German football was re-organized under the Reich's politically motivated sports policies in 1933 into sixteen top-flight regional divisions. LSV first won its way into the Gauliga Pommern to play the 1937–38 season. They were forced to withdraw for reasons related to military service after just a single season, but returned to the Gauliga Pommern-West in 1941. The following year they captured the West division and overall Gauliga Pommern titles and then appeared in the qualification round of the national playoffs where they were put out by Blau-Weiß 90 Berlin (1:3). Pütnitz repeated as overall division champions the following year and this time went out of the national playoffs to SV 92 Berlin (2:2, 0:2).
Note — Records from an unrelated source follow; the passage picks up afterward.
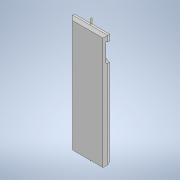
# Autodesk Inventor part: Part3
Saved by Autodesk Inventor 2022 (Build 260153000, 153)
## iProperties
Created: 2020-04-25
Part Number: Part3
Material: Generic
Document SubType Name: Modeling
Designer: Martijn
Density: 1 g/cm^3
Appearance: Default
Author: Martijn
Autodesk Inventor part; units mm, degrees
ref_plane "YZ Plane" through (0, 0, 0) normal (1, 0, 0) x (0, 1, 0)
ref_plane "XZ Plane" through (0, 0, 0) normal (0, 1, 0) x (-1, 0, 0)
ref_plane "XY Plane" through (0, 0, 0) normal (0, 0, 1) x (1, 0, 0)
sketch "Sketch1" plane through (0, 0, 0) normal (0, 0, 1) x (1, 0, 0)
  line L0 (0, 0) -> (24.6, 0)
  line L1 (24.6, 0) -> (24.6, 80.1)
  line L2 (24.6, 80.1) -> (0, 80.1)
  line L3 (0, 80.1) -> (0, 0)
  dimension "d0" = 24.6
  dimension "d18" = 80.1
  constraints: 8 end point, 2 perpendicular, 1 horizontal
  measures "d0" distance between parallel lines of L3 L1
  measures "d18" distance between parallel lines of L2 L0
extrude "Extrusion1" add sketch "Sketch1" along normal blind 3
chamfer "Chamfer1" distance 1.7 angle 45 3 edges at (0, 40.05, 3) (24.6, 40.05, 3) (12.3, 80.1, 3)
chamfer "Chamfer2" distance 3 angle 45 1 edges at (12.3, 0, 0)
sketch "Sketch3" plane through (0, 0, 0) normal (0, 0, -1) x (-1, 0, 0)
  arc A0 (-30.6, 63.1) -> (-17.6, 76.1) centre (-27.6, 73.1) ccw
  line L0 (-24.6, 80.1) -> (0, 80.1) projected
  line L1 (-24.6, 3) -> (-24.6, 80.1) projected
  line L2 (-17.6, 76.1) -> (-30.6, 76.1)
  line L3 (-30.6, 76.1) -> (-30.6, 63.1)
  point P0 (0, 0)
  dimension "d19" = 7
  dimension "d20" = 3
  dimension "d21" = 3
  dimension "d22" = 3
  dimension "d23" = 13
  constraints: 4 end point, 2 point on circle, 1 centre point, 1 horizontal, 1 perpendicular
  measures "d19" distance from line of L0 A0.centre
  measures "d20" distance from line of L1 A0.centre
  measures "d21" horizontal distance of L3.end A0.centre
  measures "d22" vertical distance of A0.centre L2.start
  measures "d23" distance of L2.end L3.end
extrude "Extrusion3" cut sketch "Sketch3" against normal blind 2
ref_plane "Work Plane1" through (12.3, 3, 0) normal (-1, 0, 0) x (0, 0, 1)
mirror "Mirror1" about plane through (12.3, 3, 0) normal (-1, 0, 0) of "Extrusion3"
ref_plane "Work Plane2" through (12.3, 3, 0) normal (-1, 0, 0) x (0, 0, 1)
body "Solid1"

After capturing a third Pommern-West title in 1944, the team was defeated by another military side, HSV Groß Born (1:1, 0:3) for the overall Pommern championship.

Their divisional success earned Pütnitz a place in play for the Tschammerpokal, predecessor to today's DFB-Pokal (German Cup), in 1942 and 1943, where they would go out on both occasions in the preliminary rounds.

As the tide of World War II turned against Germany and Allied forces invaded the country, most military football sides were disbanded; LSV Pütnitz was lost in September 1944.

== Honours ==
- Gauliga Pommern champions: 1942, 1943
- Gauliga Pommern-West champions: 1942, 1943, 1944

== Stadium ==
LSV played its home matches in either of the Damgarten (capacity 3,000) or the Stadion Greifswald (capacity 10,000).